Assumir essa responsabilidade não é confortável. É muito mais fácil permanecer no lugar da vítima. Dói admitir que fomos nós que alimentamos o ciclo. Mas ao mesmo tempo, é libertador saber que, se a responsabilidade é nossa, a mudança também está ao nosso alcance.
Por que escolhemos permanecer na dor?
Porque é mais familiar. Porque fomos ensinadas a cuidar de todos, menos de nós. Porque aprendemos que ser forte é aguentar tudo calada. Porque acreditamos que só somos amadas se nos sacrificarmos. Porque, em algum momento, confundimos dor com amor. E quebrar esse sistema — esse sistema que molda o feminino como suporte de tudo — dói. Mas também nos reconstrói.

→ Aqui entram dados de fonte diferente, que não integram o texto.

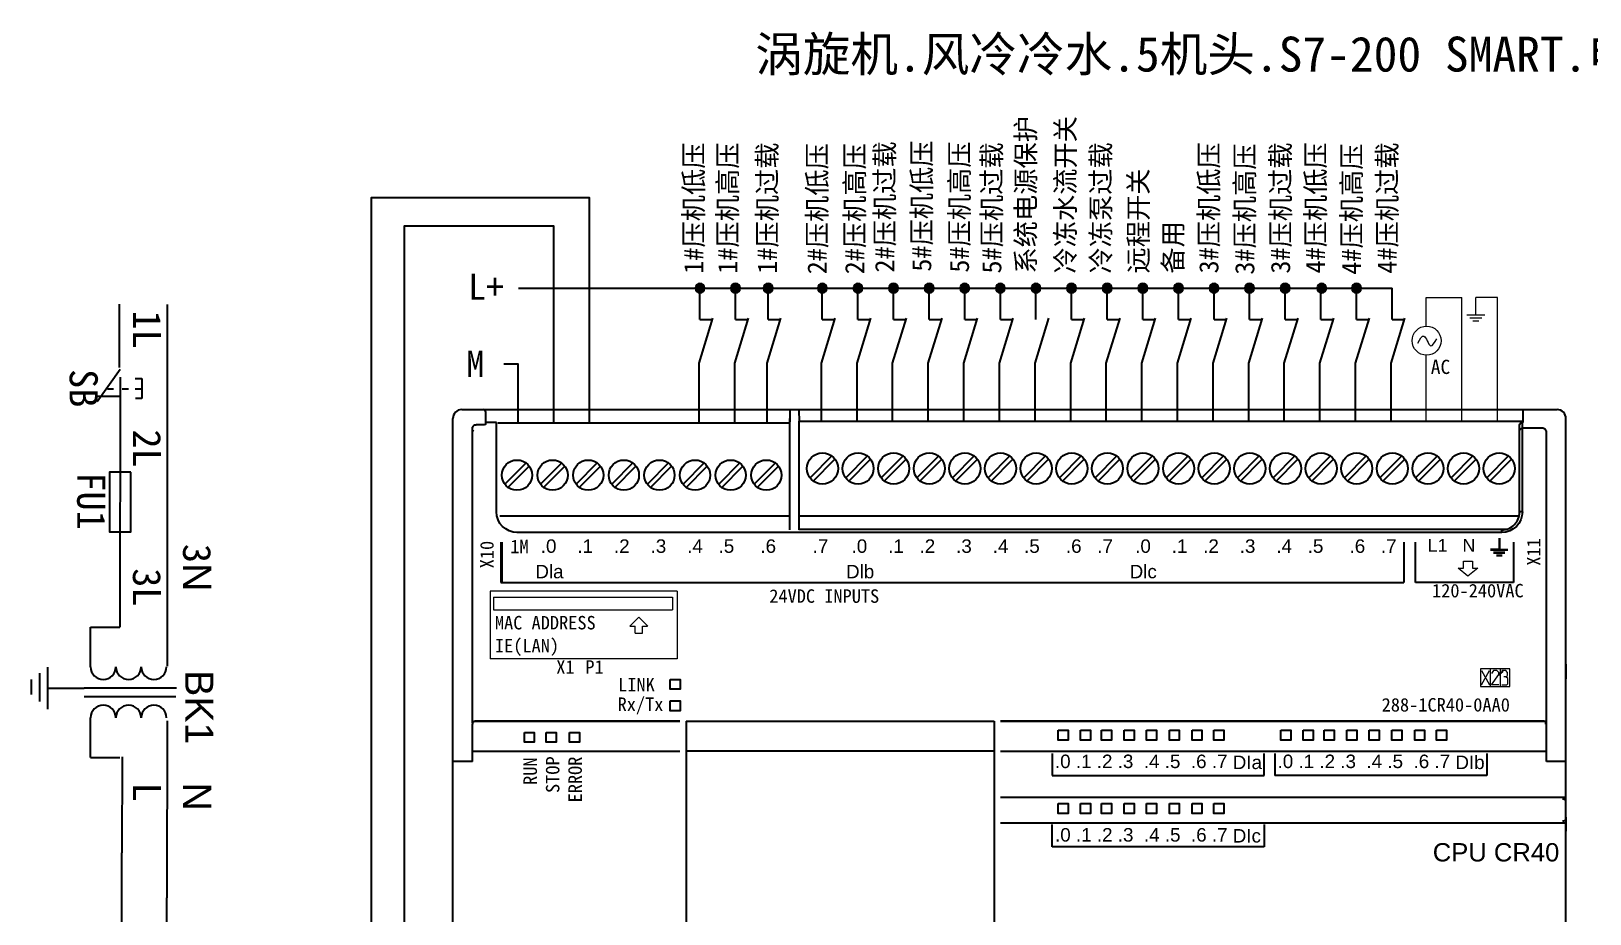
# Model space of a CAD drawing. Extents: x 430 to 1102, y 359 to 561.
# Drawn here: x 834.3 to 1009.3, y 461.6 to 560.7 of the extents above; entities that cross this region are included whole.
import ezdxf

# ---------------------------------------------------------------- set-up
doc = ezdxf.new("R2010")
doc.units = 0
doc.header["$LTSCALE"] = 47.498
doc.header["$MEASUREMENT"] = 0
doc.layers.get('0').update_dxf_attribs({"linetype": 'CONTINUOUS'})
for name, color, linetype in [('102_P_AXES', 7, 'CONTINUOUS'), ('105_CURVES', 7, 'CONTINUOUS'), ('107_ROUNDS', 7, 'CONTINUOUS'), ('110_CUTS', 7, 'CONTINUOUS'), ('202_DETAIL_ITEMS', 7, 'CONTINUOUS'), ('FLAECHE_1_1', 7, 'CONTINUOUS'), ('FLAECHE_1_6', 7, 'CONTINUOUS'), ('FLAECHE_1_7', 7, 'CONTINUOUS'), ('Layer 1', 7, 'CONTINUOUS'), ('Wiring and comments', 7, 'CONTINUOUS')]:
    doc.layers.add(name, color=color, linetype=linetype)
doc.layers.add('控制线', color=7, linetype='CONTINUOUS', lineweight=25)
doc.layers.add('文本', color=7, linetype='CONTINUOUS', lineweight=25)

# ---------------------------------------------------------------- blocks, each defined once
blk = doc.blocks.new('CAXBLOCK230', base_point=(492.26, -16.62))
at = {"layer": '控制线', "linetype": 'Continuous', "lineweight": 25}
blk.add_hatch(color=256, dxfattribs=at).paths.add_polyline_path([(1252.83, 322.31), (1252.31, 322.31), (1252.31, 322.23), (1252.33, 322.15), (1252.36, 322.08), (1252.41, 322.01), (1252.46, 321.94), (1252.52, 321.89), (1252.59, 321.85), (1252.67, 321.82), (1252.75, 321.8), (1252.83, 321.79), (1252.91, 321.8), (1252.99, 321.82), (1253.06, 321.85), (1253.13, 321.89), (1253.2, 321.94), (1253.25, 322.01), (1253.29, 322.08), (1253.32, 322.15), (1253.34, 322.23), (1253.35, 322.31)], flags=0)
for p, q in [((1252.83, 322.31), (1252.31, 322.31)), ((1253.35, 322.31), (1252.83, 322.31))]:
    blk.add_line(p, q, dxfattribs=at)
blk.add_arc((1252.83, 322.31), 0.52, 180, 360, dxfattribs=at)
blk = doc.blocks.new('CAXBLOCK231', base_point=(492.26, -16.62))
at = {"layer": '控制线', "linetype": 'Continuous', "lineweight": 25}
blk.add_hatch(color=256, dxfattribs=at).paths.add_polyline_path([(1252.83, 322.31), (1253.35, 322.31), (1253.34, 322.39), (1253.32, 322.47), (1253.29, 322.55), (1253.25, 322.62), (1253.2, 322.68), (1253.13, 322.73), (1253.06, 322.78), (1252.99, 322.81), (1252.91, 322.83), (1252.83, 322.83), (1252.75, 322.83), (1252.67, 322.81), (1252.59, 322.78), (1252.52, 322.73), (1252.46, 322.68), (1252.41, 322.62), (1252.36, 322.55), (1252.33, 322.47), (1252.31, 322.39), (1252.31, 322.31)], flags=0)
for p, q in [((1252.31, 322.31), (1252.83, 322.31)), ((1252.83, 322.31), (1253.35, 322.31))]:
    blk.add_line(p, q, dxfattribs=at)
blk.add_arc((1252.83, 322.31), 0.52, 0, 180, dxfattribs=at)
blk = doc.blocks.new('CAXBLOCK229', base_point=(1252.57, 322.31))
at = {"layer": '控制线', "linetype": 'Continuous', "lineweight": 25}
for name in ['CAXBLOCK231', 'CAXBLOCK230']:
    blk.add_blockref(name, (492.26, -16.62), dxfattribs=at)

msp = doc.modelspace()

# ---------------------------------------------------------------- linework, layer by layer
at = {"color": 7, "linetype": 'Continuous'}
for p, q in [((889.01, 531.88), (987.11, 531.88)), ((909.39, 529.35), (909.39, 531.88)), ((909.39, 528.38), (909.39, 531.88)), ((913.39, 528.38), (913.39, 531.88)), ((917.04, 528.38), (917.04, 531.88)), ((923.13, 528.38), (923.13, 531.88)), ((927.13, 529.35), (927.13, 531.88)), ((927.13, 528.38), (927.13, 531.88)), ((931.12, 528.38), (931.12, 531.88)), ((935.12, 528.38), (935.12, 531.88)), ((939.12, 528.38), (939.12, 531.88)), ((943.12, 528.38), (943.12, 531.88)), ((947.12, 528.38), (947.12, 531.88)), ((951.12, 528.38), (951.12, 531.88)), ((955.12, 528.38), (955.12, 531.88)), ((959.12, 528.38), (959.12, 531.88)), ((963.12, 528.38), (963.12, 531.88)), ((967.12, 529.35), (967.12, 531.88)), ((967.12, 528.38), (967.12, 531.88)), ((971.11, 529.35), (971.11, 531.88)), ((971.11, 528.38), (971.11, 531.88)), ((975.11, 529.35), (975.11, 531.88)), ((975.11, 528.38), (975.11, 531.88)), ((979.11, 528.38), (979.11, 531.88)), ((983.11, 528.38), (983.11, 531.88)), ((987.11, 528.38), (987.11, 531.88)), ((909.29, 523.47), (910.84, 528.51)), ((909.29, 523.47), (910.84, 528.51)), ((913.29, 523.47), (914.84, 528.51)), ((916.94, 523.47), (918.48, 528.51)), ((923.03, 523.47), (924.57, 528.51)), ((927.03, 523.47), (928.57, 528.51)), ((931.02, 523.47), (932.57, 528.51)), ((935.02, 523.47), (936.57, 528.51)), ((939.02, 523.47), (940.57, 528.51)), ((943.02, 523.47), (944.57, 528.51)), ((947.02, 523.47), (948.57, 528.51)), ((951.02, 523.47), (952.56, 528.51)), ((955.02, 523.47), (956.56, 528.51)), ((959.02, 523.47), (960.56, 528.51)), ((963.02, 523.47), (964.56, 528.51)), ((967.02, 523.47), (968.56, 528.51)), ((967.02, 523.47), (968.56, 528.51)), ((971.01, 523.47), (972.56, 528.51)), ((971.01, 523.47), (972.56, 528.51)), ((975.01, 523.47), (976.56, 528.51)), ((975.01, 523.47), (976.56, 528.51)), ((979.01, 523.47), (980.56, 528.51)), ((983.01, 523.47), (984.56, 528.51)), ((987.01, 523.47), (988.56, 528.51)), ((909.29, 516.87), (909.29, 523.47)), ((909.29, 516.87), (909.29, 523.47)), ((913.29, 516.87), (913.29, 523.47)), ((916.94, 516.87), (916.94, 523.47)), ((923.03, 516.87), (923.03, 523.47)), ((927.03, 516.87), (927.03, 523.47)), ((931.02, 516.87), (931.02, 523.47)), ((935.02, 516.87), (935.02, 523.47)), ((939.02, 516.87), (939.02, 523.47)), ((943.02, 516.87), (943.02, 523.47)), ((947.02, 516.87), (947.02, 523.47)), ((951.02, 516.87), (951.02, 523.47)), ((955.02, 516.87), (955.02, 523.47)), ((959.02, 516.87), (959.02, 523.47)), ((963.02, 516.87), (963.02, 523.47)), ((967.02, 516.87), (967.02, 523.47)), ((967.02, 516.87), (967.02, 523.47)), ((971.01, 516.87), (971.01, 523.47)), ((971.01, 516.87), (971.01, 523.47)), ((975.01, 516.87), (975.01, 523.47)), ((975.01, 516.87), (975.01, 523.47)), ((979.01, 516.87), (979.01, 523.47)), ((983.01, 516.87), (983.01, 523.47)), ((987.01, 516.87), (987.01, 523.47))]:
    msp.add_line(p, q, dxfattribs=at)
for p, q in [((844.15, 530.09), (844.15, 522.98)), ((849.6, 489.44), (849.6, 530.05)), ((909.39, 528.38), (910.8, 528.38)), ((913.39, 528.38), (914.8, 528.38)), ((917.04, 528.38), (918.44, 528.38)), ((923.13, 528.38), (924.53, 528.38)), ((927.13, 528.38), (928.53, 528.38)), ((931.12, 528.38), (932.53, 528.38)), ((935.12, 528.38), (936.53, 528.38)), ((939.12, 528.38), (940.53, 528.38)), ((943.12, 528.38), (944.53, 528.38)), ((951.12, 528.38), (952.53, 528.38)), ((955.12, 528.38), (956.52, 528.38)), ((959.12, 528.38), (960.52, 528.38)), ((963.12, 528.38), (964.52, 528.38)), ((967.12, 528.38), (968.52, 528.38)), ((971.11, 528.38), (972.52, 528.38)), ((975.11, 528.38), (976.52, 528.38)), ((979.11, 528.38), (980.52, 528.38)), ((983.11, 528.38), (984.52, 528.38)), ((987.11, 528.38), (988.52, 528.38)), ((849.54, 483.32), (849.52, 463.44)), ((907.84, 483.25), (907.84, 453.25)), ((942.44, 483.25), (942.44, 453.25)), ((844.52, 479.27), (844.47, 468.49)), ((844.42, 434.65), (844.47, 468.49)), ((849.42, 434.66), (849.52, 463.44))]:
    msp.add_line(p, q)
at = {"linetype": 'Continuous'}
for p, q in [((885.43, 516.81), (885.36, 516.84)), ((886.7, 516.77), (919.48, 516.77)), ((919.48, 504.75), (919.48, 517.27)), ((920.5, 516.94), (920.5, 504.75)), ((920.5, 516.94), (1001.78, 516.94)), ((1001.78, 516.94), (1001.78, 516.81)), ((924.16, 513.01), (921.79, 510.64)), ((928.16, 513.01), (925.79, 510.64)), ((932.16, 513.01), (929.79, 510.64)), ((936.16, 513.01), (933.79, 510.64)), ((940.16, 513.01), (937.79, 510.64)), ((944.16, 513.01), (941.79, 510.64)), ((948.16, 513.01), (945.79, 510.64)), ((952.16, 513.01), (949.79, 510.64)), ((956.16, 513.01), (953.79, 510.64)), ((960.16, 513.01), (957.79, 510.64)), ((964.16, 513.01), (961.79, 510.64)), ((968.16, 513.01), (965.79, 510.64)), ((972.16, 513.01), (969.79, 510.64)), ((976.16, 513.01), (973.79, 510.64)), ((980.16, 513.01), (977.79, 510.64)), ((984.16, 513.01), (981.79, 510.64)), ((988.16, 513.01), (985.79, 510.64)), ((992.16, 513.01), (989.79, 510.64)), ((996.16, 513.01), (993.79, 510.64)), ((1000.16, 513.01), (997.79, 510.64)), ((889.86, 512.26), (887.49, 509.89)), ((887.83, 509.52), (890.2, 511.89)), ((893.86, 512.26), (891.49, 509.89)), ((891.83, 509.52), (894.2, 511.89)), ((897.86, 512.26), (895.49, 509.89)), ((895.83, 509.52), (898.2, 511.89)), ((901.86, 512.26), (899.49, 509.89)), ((899.83, 509.52), (902.2, 511.89)), ((905.86, 512.26), (903.49, 509.89)), ((903.83, 509.52), (906.2, 511.89)), ((909.86, 512.26), (907.49, 509.89)), ((907.83, 509.52), (910.2, 511.89)), ((913.86, 512.26), (911.49, 509.89)), ((911.83, 509.52), (914.2, 511.89)), ((917.86, 512.26), (915.49, 509.89)), ((915.83, 509.52), (918.2, 511.89)), ((922.13, 510.27), (924.5, 512.64)), ((926.13, 510.27), (928.5, 512.64)), ((930.13, 510.27), (932.5, 512.64)), ((934.13, 510.27), (936.5, 512.64)), ((938.13, 510.27), (940.5, 512.64)), ((942.13, 510.27), (944.5, 512.64)), ((946.13, 510.27), (948.5, 512.64)), ((950.13, 510.27), (952.5, 512.64)), ((954.13, 510.27), (956.5, 512.64)), ((958.13, 510.27), (960.5, 512.64)), ((962.13, 510.27), (964.5, 512.64)), ((966.13, 510.27), (968.5, 512.64)), ((970.13, 510.27), (972.5, 512.64)), ((974.13, 510.27), (976.5, 512.64)), ((978.13, 510.27), (980.5, 512.64)), ((982.13, 510.27), (984.5, 512.64)), ((986.13, 510.27), (988.5, 512.64)), ((990.13, 510.27), (992.5, 512.64)), ((994.13, 510.27), (996.5, 512.64)), ((998.13, 510.27), (1000.5, 512.64)), ((886.9, 506.32), (919.48, 506.32)), ((920.5, 506.34), (1001.4, 506.34)), ((920.5, 504.84), (1000, 504.84)), ((907.84, 483.25), (942.44, 483.25))]:
    msp.add_line(p, q, dxfattribs=at)
at = {"lineweight": 25}
for p, q in [((840.96, 489.37), (840.96, 493.82)), ((840.96, 493.82), (844.25, 493.82)), ((840.96, 479.19), (840.96, 483.64)), ((840.96, 479.19), (844.25, 479.19))]:
    msp.add_line(p, q, dxfattribs=at)
at = {"flags": 128}
for points in [[(1035.18, 438.57), (1035.15, 376.91), (872.49, 376.91), (872.49, 542.07), (896.94, 542.07), (896.94, 516.77)], [(1030.15, 438.52), (1030.14, 381.64), (876.19, 381.64), (876.19, 538.88), (892.94, 538.88), (892.94, 516.77)], [(888.97, 516.87), (888.97, 523.37), (887.37, 523.37)]]:
    msp.add_lwpolyline(points, dxfattribs=at)
for points in [[(906.05, 487.95), (907.15, 487.95), (907.15, 486.85), (906.05, 486.85)], [(906.05, 485.55), (907.15, 485.55), (907.15, 484.44), (906.05, 484.44)], [(889.67, 482.01), (890.77, 482.01), (890.77, 480.9), (889.67, 480.9)], [(892.12, 482.01), (893.23, 482.01), (893.23, 480.9), (892.12, 480.9)], [(894.75, 482.01), (895.86, 482.01), (895.86, 480.9), (894.75, 480.9)], [(949.63, 482.26), (950.73, 482.26), (950.73, 481.15), (949.63, 481.15)], [(952.13, 482.26), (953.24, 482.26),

Somos colo para todos, menos para nós. Mas chega um momento em que ou você segue em frente, ou toma veneno emocional todos os dias esperando que algo externo mude. A cura começa quando entendemos que não é justo esperar que o mundo nos salve. A cura começa quando decidimos, de verdade, ser o próprio lar.
A caverna e o propósito
Há fases em que tudo parece escuro. Que parece que andamos em outra dimensão, sempre buscando uma tribo, mas sem querer interagir. Porque ainda estamos curando. E curar, às vezes, exige silêncio. Exige caverna. E outras vezes, exige voz. Eu escolhi curar em voz alta. Escolhi mostrar que há um caminho. Não um caminho perfeito — mas um caminho verdadeiro.
Quando você encontra pessoas vivendo o que você já viveu, e consegue oferecer a elas aquilo que você precisou e não teve, tudo começa a fazer sentido. A dor encontra propósito. A ferida vira medicina. E aí você entende: não sangrou em vão.
Quando uma mulher cura, todas ao redor são tocadas
Eu acredito na cura. Acredito que a dor é uma ponte para o propósito. Mas também acredito que não precisamos mais aprender só pela dor. Acredito que somos Deuses de nós mesmos. Que somos parte de algo muito maior, muito mais amoroso.
E acima de tudo, acredito no poder da cura feminina. Porque quando uma mulher cura, ela não cura apenas a si mesma. Ela cura sua linhagem. Ela cura sua filha. Suas irmãs. Suas amigas. Ela cura até mesmo o masculino ao seu redor, porque começa a mostrar uma nova forma de se relacionar.
Este texto é um marco. Um lembrete de que aqui é só o começo. Outras virão. Outras se curarão. E talvez, leiam isso na noite escura da alma e sintam que não estão sozinhas. Que existe saída. Que existe colo. Que existe caminho.
Esse é o verdadeiro milagre da cura: ela começa em nós, mas nunca termina em nós.